The Companies Act 71 of 2008 sets out the timeframes to formulate a business rescue plan and the format in which it must be presented after you have accepted an appointment as a business rescue practitioner and have met with the distressed business’ affected persons. The success or failure of the rescue will depend on the work undertaken and the proposals contained in the plan.
Assuming that you have followed the processes laid out in my previous articles on accepting1 and commencing2 work as a business rescue practitioner (BRP), you will by now −
- Have gathered detailed financial information regarding the distressed business
- Reviewed the systems in place to run and measure the business
- Have systems in place to manage the business processes
- Have satisfied yourself that there is a reasonable prospect of saving the business
- Met with all the affected persons, who have proved any claims they may have
You now need to focus on the critical work of devising a business rescue plan.
Statutory requirements
The Companies Act sets out detailed minimum requirements both in terms of timing and content of the plan, as set out in Chapter 6, Business rescue and compromise with creditors, Part D, Development and approval of business rescue plan.

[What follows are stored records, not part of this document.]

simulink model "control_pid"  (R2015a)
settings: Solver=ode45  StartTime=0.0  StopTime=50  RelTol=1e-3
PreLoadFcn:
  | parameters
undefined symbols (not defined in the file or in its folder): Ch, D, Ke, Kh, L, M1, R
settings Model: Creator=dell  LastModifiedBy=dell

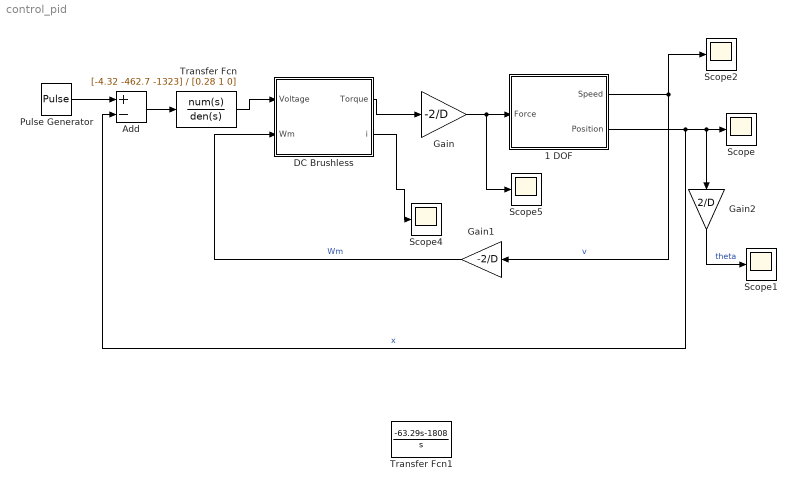
== system control_pid ==
  "1 DOF " : Subsystem
  Add : Sum  Inputs=+-
  DC Brushless : Subsystem
  Gain : Gain  Gain=-2/D
  Gain1 : Gain  Gain=-2/D
  Gain2 : Gain  Gain=2/D
  Pulse Generator : DiscretePulseGenerator  PulseType=Time based  Period=10  PulseWidth=50
  Scope{,1..2,4..5} (5 alike) : Scope
      Scope settings: TimeRange=20  YMin=-6.5e+295  YMax=5e+295
      Scope1 settings: TimeRange=20  YMin=0  YMax=0.0015
      Scope2 settings: TimeRange=20  YMin=1.5e-06  YMax=5.75e-06  SaveName=ScopeData3
      Scope4 settings: TimeRange=20  YMin=1.5e-06  YMax=5.75e-06  SaveName=ScopeData6
      Scope5 settings: TimeRange=23.33  YMin=-4  YMax=4  SaveName=ScopeData7
  Transfer Fcn : TransferFcn  Numerator=[-4.32 -462.7 -1323]  Denominator=[0.28 1 0]
  Transfer Fcn1 : TransferFcn  Numerator=[-63.29 -1808]  Denominator=[1 0]
  wires:
  DC Brushless/1("Torque ") -> Gain/1
  Gain/1 -> Scope5/1, "1 DOF "/1(Force)
  Gain1/1 -> DC Brushless/2(Wm)  "Wm"
  "1 DOF "/1("Speed ") -> Gain1/1, Scope2/1  "v"
  "1 DOF "/2("Position ") -> Add/2, Gain2/1, Scope/1  "x"
  Gain2/1 -> Scope1/1  "theta"
  DC Brushless/2("i ") -> Scope4/1
  Pulse Generator/1 -> Add/1
  Add/1 -> Transfer Fcn/1
  Transfer Fcn/1 -> DC Brushless/1("Voltage ")

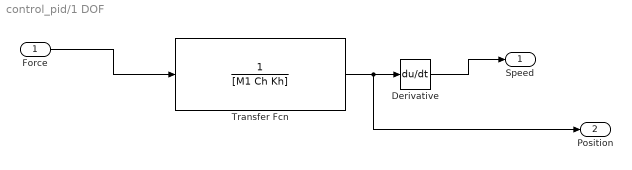
== system control_pid/1 DOF  ==
  Force : Inport
  Derivative : Derivative
  Transfer Fcn : TransferFcn  Denominator=[M1 Ch Kh]
  "Speed " : Outport
  "Position " : Outport  Port=2
  wires:
  Force/1 -> Transfer Fcn/1
  Transfer Fcn/1 -> "Position "/1, Derivative/1
  Derivative/1 -> "Speed "/1

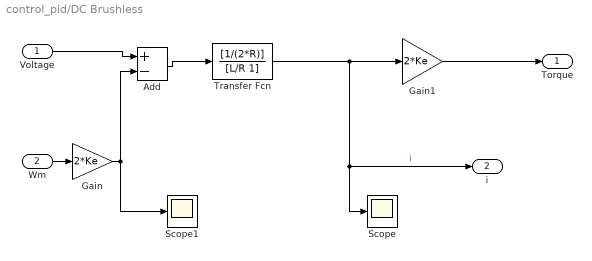
== system control_pid/DC Brushless ==
  "Voltage " : Inport
  Wm : Inport  Port=2
  Add : Sum  Inputs=+-
  Gain : Gain  Gain=2*Ke
  Gain1 : Gain  Gain=2*Ke
  Scope : Scope
      settings: YMin=-0.075  YMax=0.125  SaveName=ScopeData2
  Scope1 : Scope
      settings: YMin=-0.35  YMax=0.35  SaveName=ScopeData4
  Transfer Fcn : TransferFcn  Numerator=[1/(2*R)]  Denominator=[L/R 1]
  "Torque " : Outport
  "i " : Outport  Port=2
  wires:
  Gain1/1 -> "Torque "/1
  Transfer Fcn/1 -> "i "/1, Scope/1, Gain1/1  "i"
  Add/1 -> Transfer Fcn/1
  "Voltage "/1 -> Add/1
  Wm/1 -> Gain/1
  Gain/1 -> Scope1/1, Add/2

Section 150(2) highlights the fact that the plan must provide information at a level of completeness which will allow the affected persons to undertake a sufficient analysis of the distressed company’s financial position in order to decide on whether or not to accept or reject the plan. The wording of this clause leaves no uncertainty as to the importance and depth of the professional skill which must be applied in developing the plan.
Section 150(2) then goes on to require that the plan is divided into three parts, namely background, proposals, and the assumptions and conditions underpinning the proposals. In Section 150(3) allowance is made for the presentation of alternative scenarios based on varying stated assumptions.
The section concludes by requiring that the practitioner provides a certificate (the detail we will discuss later) in respect of the information and projections provided and that the business rescue plan must be published within 25 business days of appointment.
Developing the plan
Effectively the Act allows 15 business days from the date of the first meetings of affected persons for the BRP to research, collate and publish the plan. These timelines are extremely tight, and for this reason the Act does contemplate an extension being granted for the publishing date either by the court, on application, or by a majority of the creditors’ voting interests.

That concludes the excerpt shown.